Task to complete
Output only the lines that run from the one with "- moved R202 0.36 mm to (138.7, 91.2)" to the final line of the material, exactly as they are written.

Data records
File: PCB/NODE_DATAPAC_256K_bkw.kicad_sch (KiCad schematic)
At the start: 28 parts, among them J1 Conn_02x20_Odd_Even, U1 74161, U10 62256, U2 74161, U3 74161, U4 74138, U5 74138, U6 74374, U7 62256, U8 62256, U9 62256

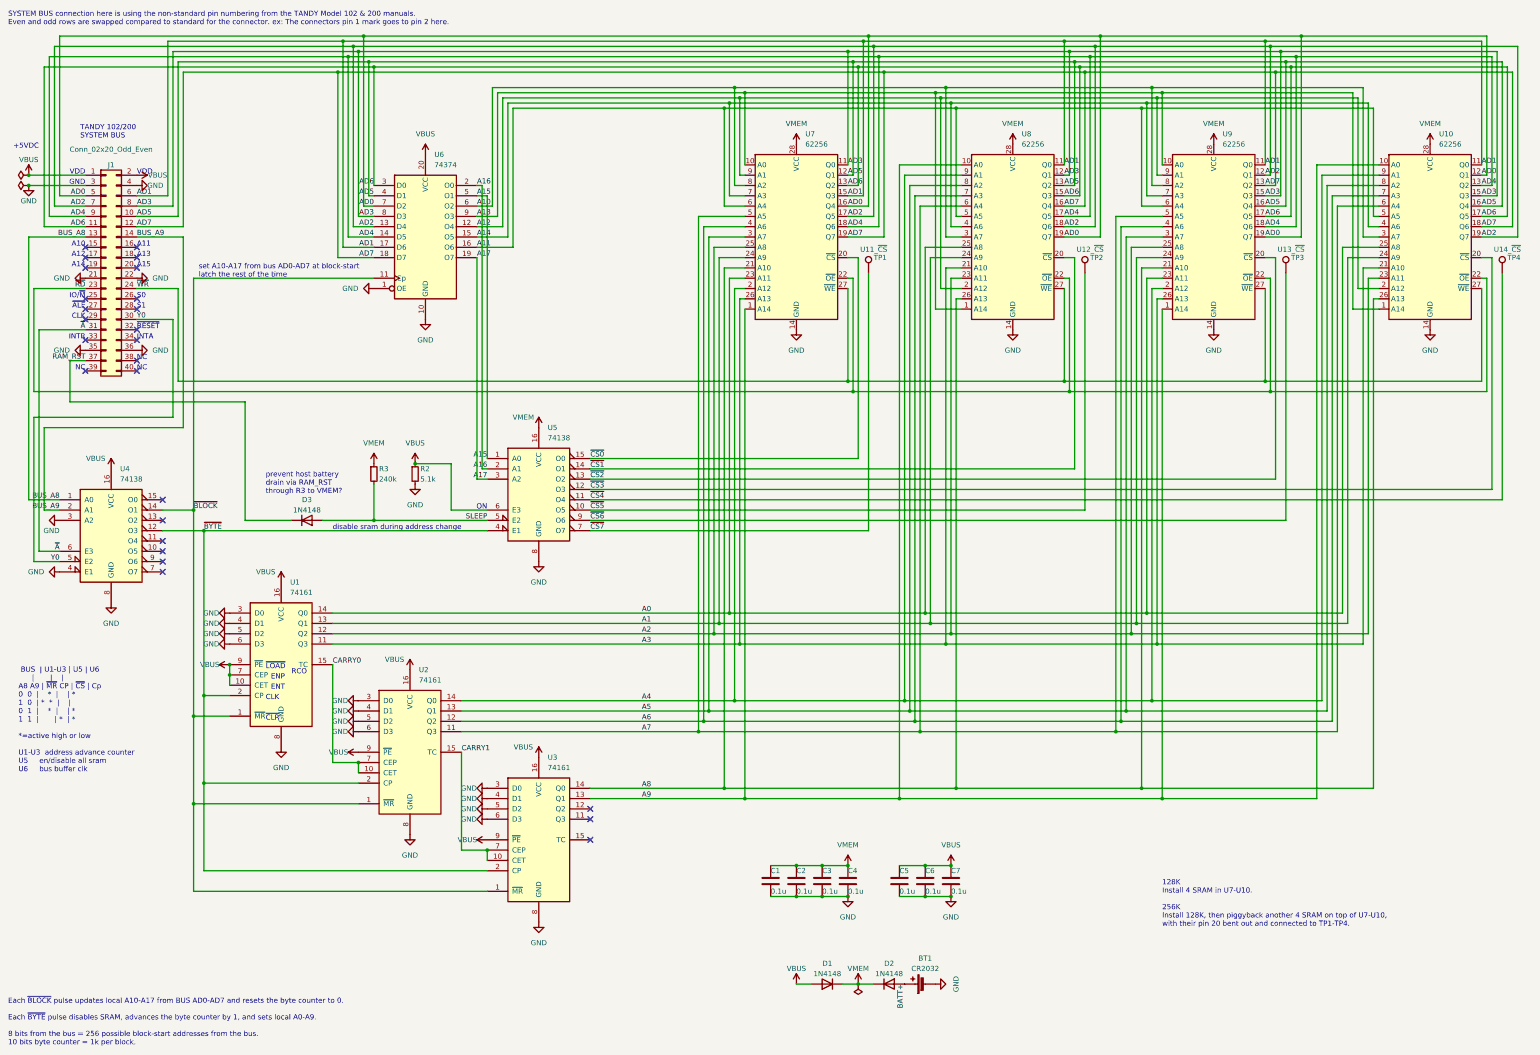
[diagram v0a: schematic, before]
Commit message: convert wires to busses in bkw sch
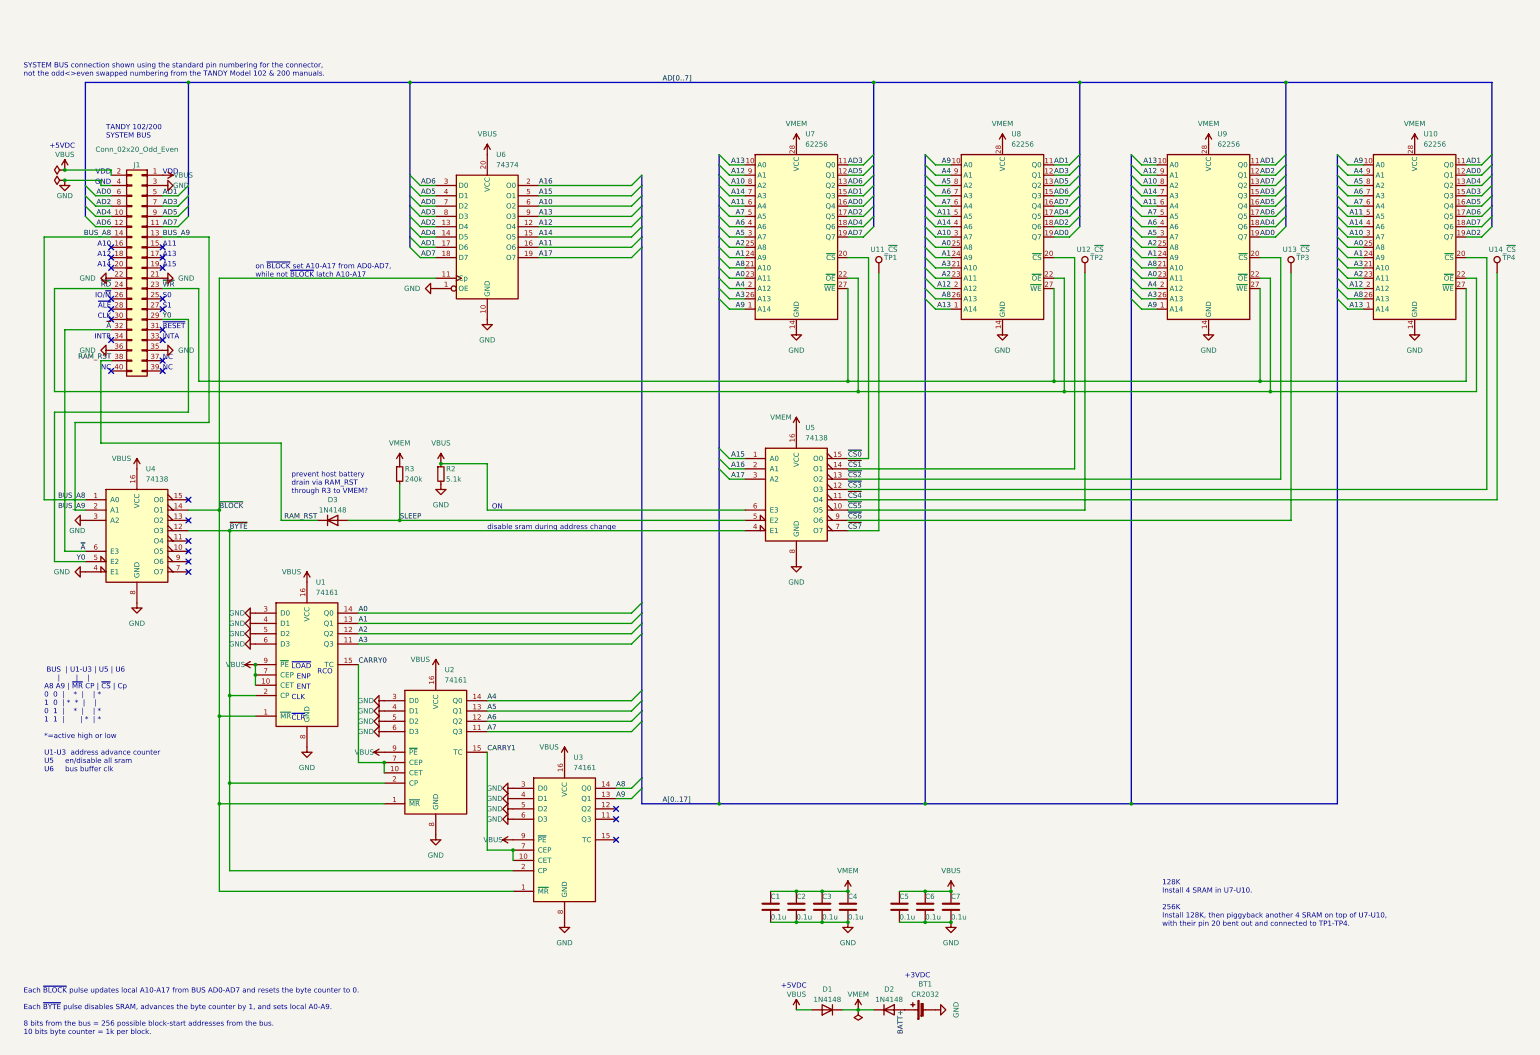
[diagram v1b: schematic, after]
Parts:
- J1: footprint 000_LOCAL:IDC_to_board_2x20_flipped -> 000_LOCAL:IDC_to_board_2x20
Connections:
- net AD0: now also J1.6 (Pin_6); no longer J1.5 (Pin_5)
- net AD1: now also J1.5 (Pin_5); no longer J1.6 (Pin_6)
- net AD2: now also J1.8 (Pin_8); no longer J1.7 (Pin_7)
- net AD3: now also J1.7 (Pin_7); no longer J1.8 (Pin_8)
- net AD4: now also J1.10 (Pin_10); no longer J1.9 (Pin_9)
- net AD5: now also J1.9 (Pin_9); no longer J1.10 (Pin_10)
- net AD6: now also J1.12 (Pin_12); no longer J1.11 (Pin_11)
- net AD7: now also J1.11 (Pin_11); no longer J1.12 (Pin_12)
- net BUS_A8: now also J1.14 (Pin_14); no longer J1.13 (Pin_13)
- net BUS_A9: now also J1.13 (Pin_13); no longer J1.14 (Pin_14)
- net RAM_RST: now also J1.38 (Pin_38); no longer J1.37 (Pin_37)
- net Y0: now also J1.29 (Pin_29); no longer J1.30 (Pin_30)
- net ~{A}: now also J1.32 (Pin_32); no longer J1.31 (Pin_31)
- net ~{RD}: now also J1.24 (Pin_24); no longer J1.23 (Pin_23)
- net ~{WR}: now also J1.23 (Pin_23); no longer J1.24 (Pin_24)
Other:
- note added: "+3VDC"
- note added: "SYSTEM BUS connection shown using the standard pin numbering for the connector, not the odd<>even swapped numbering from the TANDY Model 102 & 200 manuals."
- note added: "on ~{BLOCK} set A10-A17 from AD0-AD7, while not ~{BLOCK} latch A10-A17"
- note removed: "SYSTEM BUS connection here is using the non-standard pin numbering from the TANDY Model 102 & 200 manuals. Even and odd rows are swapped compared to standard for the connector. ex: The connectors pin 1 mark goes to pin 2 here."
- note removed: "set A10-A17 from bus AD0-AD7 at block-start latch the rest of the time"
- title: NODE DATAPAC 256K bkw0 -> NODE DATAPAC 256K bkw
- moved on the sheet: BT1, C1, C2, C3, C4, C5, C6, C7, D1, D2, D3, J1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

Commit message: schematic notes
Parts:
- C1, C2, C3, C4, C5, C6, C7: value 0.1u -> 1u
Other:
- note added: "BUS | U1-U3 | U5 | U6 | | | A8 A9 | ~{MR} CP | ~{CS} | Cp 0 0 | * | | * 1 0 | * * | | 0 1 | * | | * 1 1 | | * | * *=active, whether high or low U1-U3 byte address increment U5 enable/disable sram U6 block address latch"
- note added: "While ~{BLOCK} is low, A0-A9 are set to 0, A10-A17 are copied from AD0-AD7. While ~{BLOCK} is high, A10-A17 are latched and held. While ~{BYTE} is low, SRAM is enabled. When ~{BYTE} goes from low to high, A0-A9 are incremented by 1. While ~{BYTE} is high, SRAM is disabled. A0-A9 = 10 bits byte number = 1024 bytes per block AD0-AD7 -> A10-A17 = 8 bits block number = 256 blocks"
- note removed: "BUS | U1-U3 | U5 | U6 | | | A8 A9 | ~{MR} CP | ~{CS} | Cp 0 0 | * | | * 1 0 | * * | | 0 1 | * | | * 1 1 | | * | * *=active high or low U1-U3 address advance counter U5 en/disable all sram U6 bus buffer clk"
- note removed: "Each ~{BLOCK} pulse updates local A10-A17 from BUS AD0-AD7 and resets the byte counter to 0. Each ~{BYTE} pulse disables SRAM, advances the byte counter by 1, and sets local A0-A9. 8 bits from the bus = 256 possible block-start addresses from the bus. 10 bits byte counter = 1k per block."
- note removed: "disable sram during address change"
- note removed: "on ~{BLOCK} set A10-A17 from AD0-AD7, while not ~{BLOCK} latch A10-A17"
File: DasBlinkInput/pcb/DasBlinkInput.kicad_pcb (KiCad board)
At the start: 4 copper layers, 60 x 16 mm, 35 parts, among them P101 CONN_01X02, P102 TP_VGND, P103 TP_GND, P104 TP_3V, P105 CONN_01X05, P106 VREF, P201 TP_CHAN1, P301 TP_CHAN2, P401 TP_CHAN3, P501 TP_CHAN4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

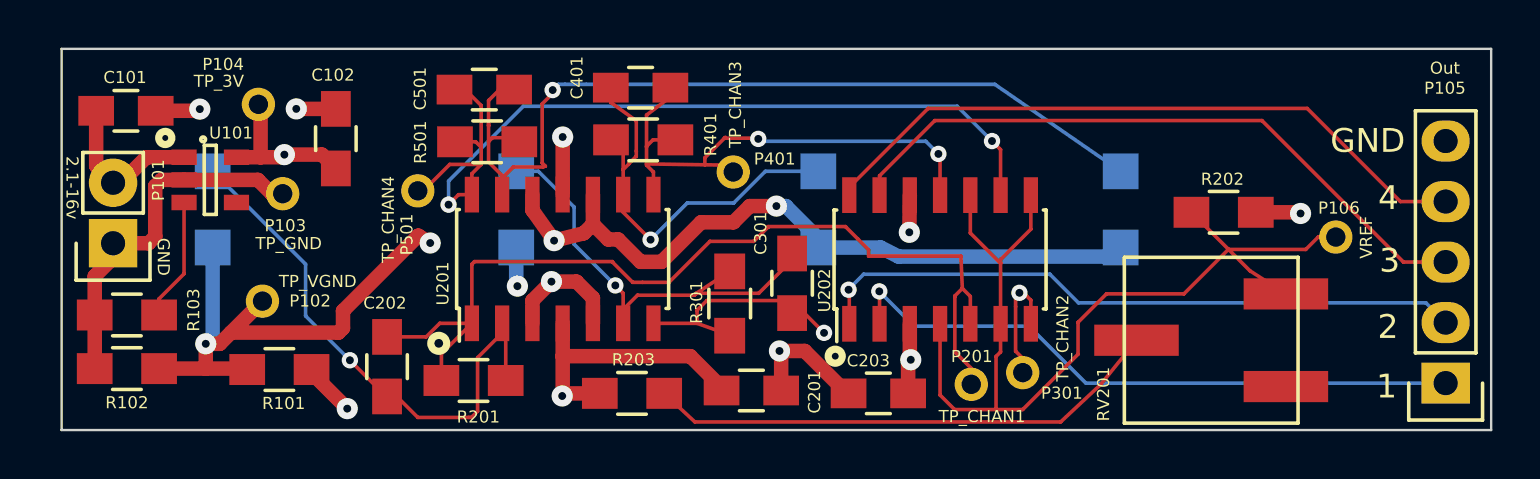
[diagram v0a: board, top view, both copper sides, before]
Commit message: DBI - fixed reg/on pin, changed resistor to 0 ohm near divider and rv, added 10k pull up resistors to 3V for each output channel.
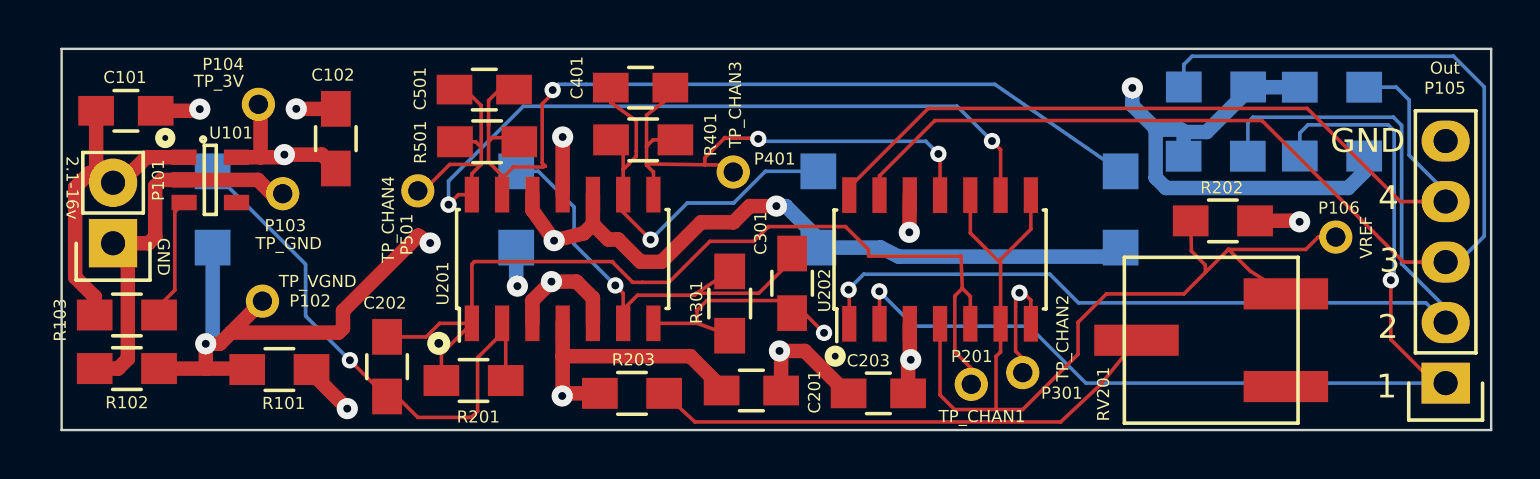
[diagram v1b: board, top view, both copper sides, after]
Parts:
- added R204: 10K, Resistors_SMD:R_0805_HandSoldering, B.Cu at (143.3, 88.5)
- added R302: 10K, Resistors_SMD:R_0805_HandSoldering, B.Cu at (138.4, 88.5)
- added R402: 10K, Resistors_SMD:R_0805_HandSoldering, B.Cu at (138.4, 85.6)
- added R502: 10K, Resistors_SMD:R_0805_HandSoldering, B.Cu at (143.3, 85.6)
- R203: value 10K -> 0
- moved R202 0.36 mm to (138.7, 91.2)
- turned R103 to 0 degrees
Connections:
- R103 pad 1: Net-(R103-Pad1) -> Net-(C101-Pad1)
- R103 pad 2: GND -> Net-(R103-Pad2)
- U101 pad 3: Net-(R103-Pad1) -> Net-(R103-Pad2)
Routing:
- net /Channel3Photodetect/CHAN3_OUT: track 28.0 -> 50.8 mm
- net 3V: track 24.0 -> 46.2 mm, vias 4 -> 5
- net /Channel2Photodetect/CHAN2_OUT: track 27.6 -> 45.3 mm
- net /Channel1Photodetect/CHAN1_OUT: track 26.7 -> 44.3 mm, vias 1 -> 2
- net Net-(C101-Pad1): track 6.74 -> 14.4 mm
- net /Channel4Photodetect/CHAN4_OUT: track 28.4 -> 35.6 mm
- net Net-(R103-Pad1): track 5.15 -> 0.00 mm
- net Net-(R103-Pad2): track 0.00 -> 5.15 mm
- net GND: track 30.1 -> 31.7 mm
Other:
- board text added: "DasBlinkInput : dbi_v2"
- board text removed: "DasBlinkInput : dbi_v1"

Exercise response
- moved R202 0.36 mm to (138.7, 91.2)
- turned R103 to 0 degrees
Connections:
- R103 pad 1: Net-(R103-Pad1) -> Net-(C101-Pad1)
- R103 pad 2: GND -> Net-(R103-Pad2)
- U101 pad 3: Net-(R103-Pad1) -> Net-(R103-Pad2)
Routing:
- net /Channel3Photodetect/CHAN3_OUT: track 28.0 -> 50.8 mm
- net 3V: track 24.0 -> 46.2 mm, vias 4 -> 5
- net /Channel2Photodetect/CHAN2_OUT: track 27.6 -> 45.3 mm
- net /Channel1Photodetect/CHAN1_OUT: track 26.7 -> 44.3 mm, vias 1 -> 2
- net Net-(C101-Pad1): track 6.74 -> 14.4 mm
- net /Channel4Photodetect/CHAN4_OUT: track 28.4 -> 35.6 mm
- net Net-(R103-Pad1): track 5.15 -> 0.00 mm
- net Net-(R103-Pad2): track 0.00 -> 5.15 mm
- net GND: track 30.1 -> 31.7 mm
Other:
- board text added: "DasBlinkInput : dbi_v2"
- board text removed: "DasBlinkInput : dbi_v1"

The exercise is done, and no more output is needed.